We are not the only ones with a social network! Much like we form social connections through friendships, software packages form connections to other packages through dependencies, when a package relies on another package to be able to run. For example, package A’s source code may load package B to do a specific task (e.g., read data from a .csv file), thereby creating a dependency on package B. Dependencies like this form all the time because software authors do not want to reinvent the wheel: why write code to do a specific task when you can quickly load and use another package that can do it for you? Thus, the modern open-source software ecosystem is a vast network of dependencies from one package to another.
Here, at Phylum, we use the dependency network to detect cybersecurity risk. After all, dependencies are often a main way that vulnerabilities and malware are introduced to open-source software projects: an otherwise benign package may inadvertently depend upon (and thus load) a package that has been exploited with malicious code.
In this blog post—the first in a series that will explore the open-source software dependency network—we will show that the dependency network reveals an overlooked reality in modern software development: if you are like nearly everyone else and rely on open-source software packages, your software project likely has far more dependencies than you realize.
So, let’s visualize the dependency network using the package data that we have in our platform database1. We constructed this package-to-package dependency network by collapsing all versions of a package into one node on the network. Therefore, we can think of a node as representing all versions of a package and an edge as representing a dependency that existed at some point. Importantly, edges are directed and indicate the dependency relation—e.g., if package A depends upon package B, it is represented in the network as A→B.
The large number of singleton packages in our network visualization highlights the fact that while software dependencies are ubiquitous, they are not evenly distributed across packages (Figure 2). In fact, 49.3% of packages have no dependencies and 62.2% of packages have no depending packages (i.e., the other side of a dependency: a package that depends upon it). Diving a touch deeper on these two statistics, we find that 26.9% of packages have no connections—in or out—to other packages. Still, among the remaining approximately three fourths of packages that have some connection to at least one other package, we see that the distribution of dependencies is highly skewed: many packages have a few dependencies or a few depending packages, while a few packages have many connections to other packages through dependency relationships. (This is a classic pattern in complex systems ranging from social networks to economies. In a future blog post, we’ll dive into the cool science behind this and what it means for the open-source software ecosystem!)
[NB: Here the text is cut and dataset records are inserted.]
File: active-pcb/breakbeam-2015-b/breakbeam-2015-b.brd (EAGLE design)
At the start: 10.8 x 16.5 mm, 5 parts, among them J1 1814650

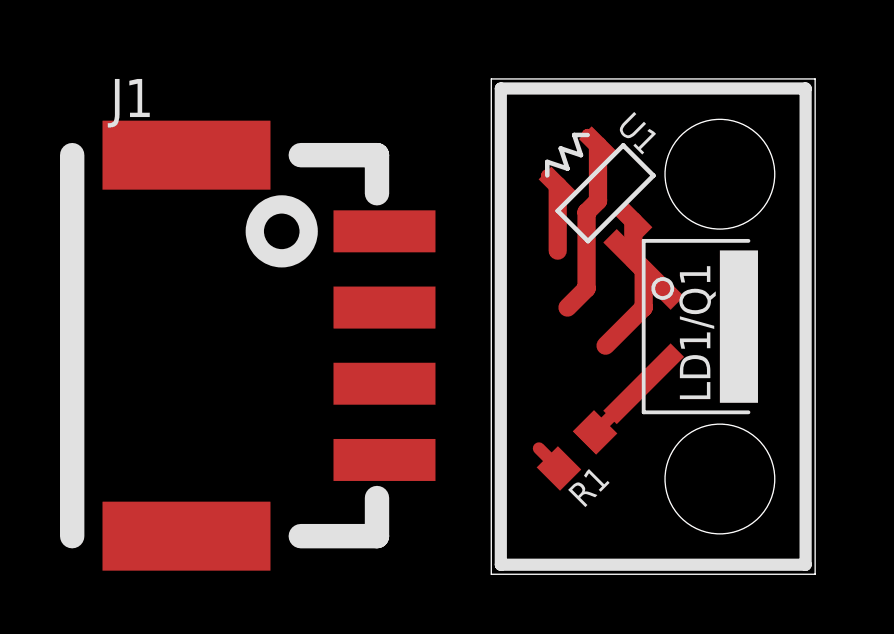
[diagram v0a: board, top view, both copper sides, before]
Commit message: preliminary Breakbeam revB design
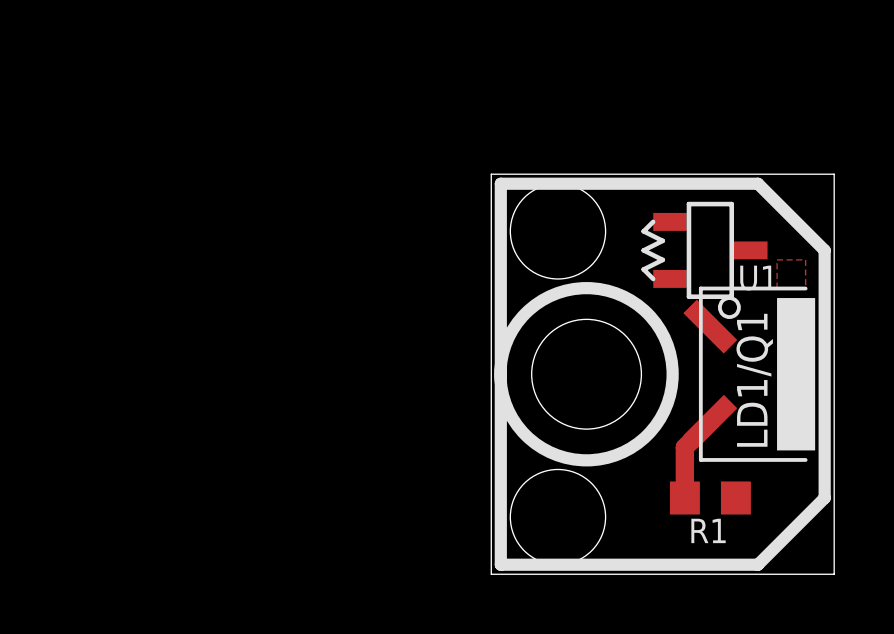
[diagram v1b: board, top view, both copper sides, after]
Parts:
- removed J1: 1814650, RoboJackets-Connectors:1814650
- LD1/Q1: device RoboJackets-Diodes:2LEAD_H_FACEDOWN_SHORT_MIN -> RoboJackets-Diodes:2LEAD_H_FACEDOWN_XSHORT_MIN
- moved R1 4.72 mm to (7.30, 2.54), turned to 180 degrees
- moved R3 4.27 mm to (5.40, 10.8), turned to 270 degrees
- moved U1 3.98 mm to (7.30, 10.8), turned to 90 degrees
- moved LD1/Q1 2.48 mm to (7.62, 6.67)
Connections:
- net +5V: no longer J1.1
- net GND: no longer J1.3
- net OPTICAL: no longer J1.4
- net SERIAL_ID: no longer J1.2
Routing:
- net SERIAL_ID: track 6.32 -> 0.00 mm
- net GND: track 4.83 -> 0.00 mm
- net +5V: track 2.66 -> 0.00 mm
- net OPTICAL: track 0.95 -> 0.00 mm
- added copper zone on layer 1, net GND
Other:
- board size 10.8 x 16.5 mm -> 11.4 x 13.3 mm
- board text added: "RJRC-SSL Breakbeam/ID"
- board text removed: "RoboJackets RoboCup Breakbeam/ID"
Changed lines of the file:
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@@
 <setting verticaltext="up"/>
 </settings>
-<grid distance="0.025" unitdist="inch" unit="inch" style="lines" multiple="1" display="yes" altdistance="0.0125" altunitdist="inch" altunit="inch"/>
+<grid distance="0.0125" unitdist="inch" unit="inch" style="lines" multiple="1" display="yes" altdistance="0.0125" altunitdist="inch" altunit="inch"/>
 <layers>
 <layer number="1" name="Top" color="4" fill="1" visible="yes" active="yes"/>
@@
 <layer number="20" name="Dimension" color="15" fill="1" visible="yes" active="yes"/>
 <layer number="21" name="tPlace" color="7" fill="1" visible="yes" active="yes"/>
-<layer number="22" name="bPlace" color="7" fill="1" visible="yes" active="yes"/>
+<layer number="22" name="bPlace" color="7" fill="1" visible="no" active="yes"/>
 <layer number="23" name="tOrigins" color="15" fill="1" visible="yes" active="yes"/>
 <layer number="24" name="bOrigins" color="15" fill="1" visible="yes" active="yes"/>
@@
 <board>
 <plain>
-<wire x1="0" y1="0" x2="10.795" y2="0" width="0" layer="20"/>
-<wire x1="10.795" y1="0" x2="10.795" y2="16.51" width="0" layer="20"/>
-<wire x1="10.795" y1="16.51" x2="0" y2="16.51" width="0" layer="20"/>
-<wire x1="0" y1="16.51" x2="0" y2="0" width="0" layer="20"/>
-<hole x="7.62" y="3.175" drill="3.6576"/>
-<hole x="7.62" y="13.335" drill="3.6576"/>
-<text x="4.445" y="13.97" size="1.016" layer="22" rot="MR270">RoboJackets
-RoboCup
+<wire x1="0" y1="0" x2="11.43" y2="0" width="0" layer="20"/>
+<wire x1="11.43" y1="0" x2="11.43" y2="13.335" width="0" layer="20"/>
+<wire x1="11.43" y1="13.335" x2="0" y2="13.335" width="0" layer="20"/>
+<wire x1="0" y1="13.335" x2="0" y2="0" width="0" layer="20"/>
+<hole x="3.175" y="6.6675" drill="3.6576"/>
+<text x="7.9375" y="11.1125" size="1.016" layer="22" rot="MR270">RJRC-SSL
 Breakbeam/ID</text>
-<rectangle x1="4.445" y1="6.35" x2="8.255" y2="10.16" layer="22"/>
-<wire x1="0.3175" y1="16.1925" x2="10.4775" y2="16.1925" width="0.4064" layer="21"/>
-<wire x1="10.4775" y1="16.1925" x2="10.4775" y2="0.3175" width="0.4064" layer="21"/>
-<wire x1="10.4775" y1="0.3175" x2="0.3175" y2="0.3175" width="0.4064" layer="21"/>
-<wire x1="0.3175" y1="0.3175" x2="0.3175" y2="16.1925" width="0.4064" layer="21"/>
+<wire x1="0.3175" y1="13.0175" x2="8.89" y2="13.0175" width="0.4064" layer="21"/>
+<wire x1="8.89" y1="13.0175" x2="11.1125" y2="10.795" width="0.4064" layer="21"/>
+<wire x1="11.1125" y1="10.795" x2="11.1125" y2="2.54" width="0.4064" layer="21"/>
+<wire x1="11.1125" y1="2.54" x2="8.89" y2="0.3175" width="0.4064" layer="21"/>
+<wire x1="8.89" y1="0.3175" x2="0.3175" y2="0.3175" width="0.4064" layer="21"/>
+<wire x1="0.3175" y1="0.3175" x2="0.3175" y2="13.0175" width="0.4064" layer="21"/>
+<circle x="3.175" y="6.6675" radius="2.8702" width="0.4064" layer="21"/>
+<hole x="2.2225" y="1.905" drill="3.175"/>
+<hole x="2.2225" y="11.43" drill="3.175"/>
 </plain>
 <attributes>
@@
 </autorouter>
 <elements>
-<element name="LD1/Q1" library="RoboJackets-Diodes" package="2LEAD_H_FACEDOWN_SHORT_MIN" value="" x="5.715" y="8.255" smashed="yes">
-<attribute name="NAME" x="7.3025" y="5.715" size="1.016" layer="21" rot="R90"/>
+<element name="LD1/Q1" library="RoboJackets-Diodes" package="2LEAD_H_FACEDOWN_XSHORT_MIN" value="" x="7.62" y="6.6675" smashed="yes">
+<attribute name="NAME" x="9.2075" y="4.1275" size="1.016" layer="21" rot="R90"/>
 </element>
-<element name="R1" library="rcl" package="R0603" value="" x="2.8575" y="4.1275" smashed="yes" rot="R45">
-<attribute name="NAME" x="3.06605" y="2.168025" size="0.8128" layer="25" rot="R45"/>
+<element name="R1" library="rcl" package="R0603" value="" x="7.3025" y="2.54" smashed="yes" rot="R180">
+<attribute name="NAME" x="7.90559375" y="1.850528125" size="0.8128" layer="25" rot="R180"/>
 </element>
-<element name="U1" library="RoboJackets-ICs" package="SOT-23-3" value="" x="3.81" y="12.7" smashed="yes" rot="R45">
-<attribute name="NAME" x="4.1275" y="14.896971875" size="0.8128" layer="25" ratio="10" rot="R315"/>
-<attribute name="VALUE" x="7.222496875" y="13.598025" size="1.27" layer="27" ratio="10" rot="R135"/>
+<element name="U1" library="RoboJackets-ICs" package="SOT-23-3" value="" x="7.3025" y="10.795" smashed="yes" rot="R90">
+<attribute name="NAME" x="9.583984375" y="10.287" size="0.8128" layer="25" ratio="10" rot="R180"/>
+<attribute name="VALUE" x="9.080503125" y="13.842996875" size="1.27" layer="27" ratio="10" rot="R180"/>
 </element>
-<element name="R3" library="RoboJackets-Resistors" package="GHOST_0.075" value="0.3k-2.2k" x="2.54" y="13.97" rot="R225"/>
-<element name="J1" library="RoboJackets-Connectors" package="1814650" value="1814650" x="-10.16" y="7.62" rot="R270"/>
+<element name="R3" library="RoboJackets-Resistors" package="GHOST_0.075" value="0.3k-2.2k" x="5.3975" y="10.795" rot="R270"/>
 </elements>
 <signals>
@@
 <contactref element="LD1/Q1" pad="2"/>
 <contactref element="R1" pad="2"/>
-<wire x1="5.715" y1="6.985" x2="5.08" y2="6.35" width="0.4064" layer="1"/>
-<wire x1="5.08" y1="6.35" x2="3.458540625" y2="4.728540625" width="0.4064" layer="1"/>
+<wire x1="6.4525" y1="2.54" x2="6.4525" y2="4.23" width="0.6096" layer="1"/>
+<wire x1="6.4525" y1="4.23" x2="7.3025" y2="5.08" width="0.6096" layer="1"/>
 </signal>
 <signal name="GND">
 <contactref element="LD1/Q1" pad="1"/>
 <contactref element="U1" pad="3"/>
-<wire x1="3.81" y1="7.62" x2="5.08" y2="8.89" width="0.6096" layer="1"/>
-<wire x1="5.08" y1="10.16" x2="5.08" y2="8.89" width="0.6096" layer="1"/>
-<wire x1="4.73348125" y1="11.776515625" x2="4.73348125" y2="10.50651875" width="0.6096" layer="1"/>
-<wire x1="4.73348125" y1="10.50651875" x2="5.08" y2="10.16" width="0.6096" layer="1"/>
-<contactref element="J1" pad="3"/>
-<wire x1="-3.56" y1="6.35" x2="3.81" y2="7.62" width="0" layer="19" extent="1-1"/>
+<polygon width="0.254" layer="1">
+<vertex x="9.525" y="10.4775"/>
+<vertex x="10.4775" y="10.4775"/>
+<vertex x="10.4775" y="9.525"/>
+<vertex x="9.525" y="9.525"/>
+</polygon>
+<wire x1="7.3025" y1="8.255" x2="8.6085" y2="10.795" width="0" layer="19" extent="1-1"/>
 </signal>
 <signal name="+5V">
 <contactref element="U1" pad="2"/>
 <contactref element="R3" pad="P$2"/>
-<wire x1="2.214765625" y1="12.951728125" x2="2.214765625" y2="10.787265625" width="0.6096" layer="1"/>
-<wire x1="1.866478125" y1="13.296478125" x2="1.870015625" y2="13.296478125" width="0.4064" layer="1"/>
-<wire x1="1.870015625" y1="13.296478125" x2="2.214765625" y2="12.951728125" width="0.4064" layer="1"/>
-<contactref element="J1" pad="1"/>
-<wire x1="-3.56" y1="11.43" x2="2.214765625" y2="10.787265625" width="0" layer="19" extent="1-1"/>
+<wire x1="5.3975" y1="9.8425" x2="5.9965" y2="9.845" width="0" layer="19" extent="1-1"/>
 </signal>
 <signal name="SERIAL_ID">
 <contactref element="U1" pad="1"/>
 <contactref element="R3" pad="P$1"/>
-<wire x1="2.54" y1="8.89" x2="3.175" y2="9.525" width="0.6096" layer="1"/>
-<wire x1="3.55826875" y1="14.29523125" x2="3.55826875" y2="12.44826875" width="0.6096" layer="1"/>
-<wire x1="3.55826875" y1="12.44826875" x2="3.175" y2="12.065" width="0.6096" layer="1"/>
-<wire x1="3.175" y1="12.065" x2="3.175" y2="9.525" width="0.6096" layer="1"/>
-<wire x1="3.21351875" y1="14.64351875" x2="3.21351875" y2="14.63998125" width="0.4064" layer="1"/>
-<wire x1="3.21351875" y1="14.63998125" x2="3.55826875" y2="14.29523125" width="0.4064" layer="1"/>
-<contactref element="J1" pad="2"/>
-<wire x1="-3.56" y1="8.89" x2="2.54" y2="8.89" width="0" layer="19" extent="1-1"/>
+<wire x1="5.3975" y1="11.7475" x2="5.9965" y2="11.745" width="0" layer="19" extent="1-1"/>
 </signal>
 <signal name="OPTICAL">
 <contactref element="R1" pad="1"/>
-<wire x1="1.5875" y1="4.1954125" x2="2.25645625" y2="3.52645625" width="0.4064" layer="1"/>
-<contactref element="J1" pad="4"/>
-<wire x1="2.25645625" y1="3.52645625" x2="-3.56" y2="3.81" width="0" layer="19" extent="1-1"/>
 </signal>
 </signals>

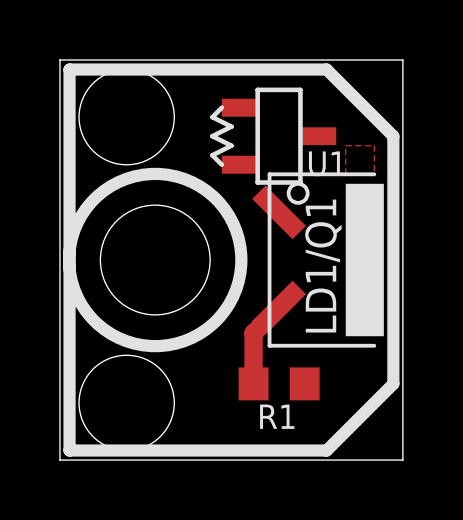
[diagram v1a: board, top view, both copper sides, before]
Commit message: Breakbeam revB update
added planes on top layer to maximize adhesion
added anchored support pads for diode tensioner (only use if necessary)
added offset plane near the mounting holes to make the bottom side level
(the bottom plane for the anchor will have a non-zero height)
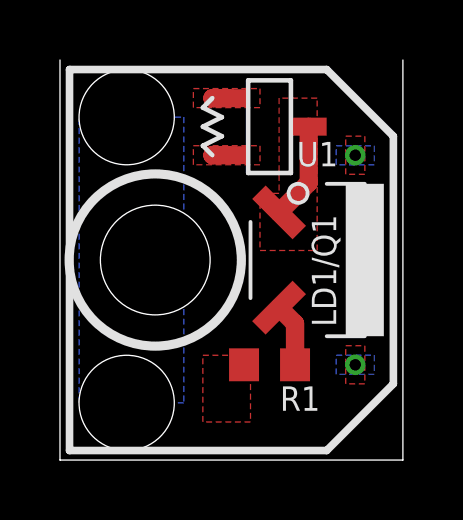
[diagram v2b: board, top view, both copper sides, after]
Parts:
- moved R1 0.71 mm to (6.99, 3.17), turned to 0 degrees
- moved R3 0.45 mm to (5.08, 11.1)
- moved U1 0.45 mm to (6.99, 11.1)
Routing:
- net GND: track 0.00 -> 3.27 mm
- net N$1: track 2.89 -> 2.13 mm
- net SERIAL_ID: track 0.00 -> 0.60 mm
- net +5V: track 0.00 -> 0.60 mm
- added copper zone on layer 1, net +5V
- added copper zone on layer 1, net FLOAT1
- added copper zone on layer 16, net FLOAT1
- added copper zone on layer 1, net FLOAT2
- added copper zone on layer 16, net FLOAT2
- added copper zone on layer 16, net FLOAT3
- added copper zone on layer 1, net OPTICAL
- added copper zone on layer 1, net SERIAL_ID
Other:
- board text added: "+5V"
- board text added: "GND"
- board text added: "ID"
- board text added: "OPTICAL"

Counting dependencies like this only tells part of the story. Packages can directly depend on other packages, but they can also have transitive dependencies, in essence, indirect dependencies that are introduced by the dependencies of dependencies. In Figure 3, we see that package A depends upon package B, which in turn relies on package C. Therefore, when package A loads in package B, it also loads in package C under the hood. Thus, to get a true sense of package interactions in our dependency network, we also need to measure transitive dependencies like this.
When we account for both direct and transitive dependencies, we get a much different—if not a bit shocking—image of the software dependency network (Figure 4). We measured transitive dependencies up to 6 hops out from a focal package2. When accounting for direct dependencies—the traditional way of thinking about software dependency and risk in the cybersecurity industry—we see that all packages have fewer than 1,000 dependencies, with only a small handful of packages actually reaching close to that number; however, when we also account for transitive dependencies, the number of dependencies explode, revealing that many packages actually have thousands of dependencies.
Well then, just how many transitive dependencies are lurking under the surface? Among packages with at least one dependency, the median package has 3 direct dependencies but 751 total dependencies when accounting for both direct and transitive dependencies (Figure 5). That is 748 transitive dependencies that are not accounted for in the mind of the developer!
Of course, we should note a quick caveat to this analysis: as we mentioned before, our dependency network collapses all versions of a package into one node. Therefore, some of these dependencies will not be present in a specific version since dependencies evolve over time for many software packages. Still, we might reasonably expect a similar order of magnitude when considering the difference between direct and transitive dependencies for a given package version. Moreover, at the very least, this analysis shows the scale of interaction between packages over time, which drives home how we miss the true scale of cybersecurity risk when we only consider direct dependencies.
The good news is that new approaches (ahem, us at Phylum!) are pushing to capture the true complexity of risk in open-source software, like the true scale of dependencies—both direct and transitive. If anything, we hope this blog post simply emphasizes the true interconnectedness of the modern open-source software ecosystem. Of course, this interconnected nature is a double-edged sword: it can be exciting—packages adding exciting new functions and features by building off previous work—but it also introduces immense risk—risk that one increasingly needs cutting-edge tools to detect and mitigate.
Stay tuned for future blog posts in which we’ll continue exploring the dependency network!
2 While a full count of transitive dependencies will need to go 10-20+ hops out, each additional hop out in the network adds exponentially more computing time. Preliminary analysis suggests that 6-8 hops out in the network captures an overwhelming majority of the total dependencies in the network. Therefore, a 6-hop measurement offers a nice middle ground between accuracy and computational expediency.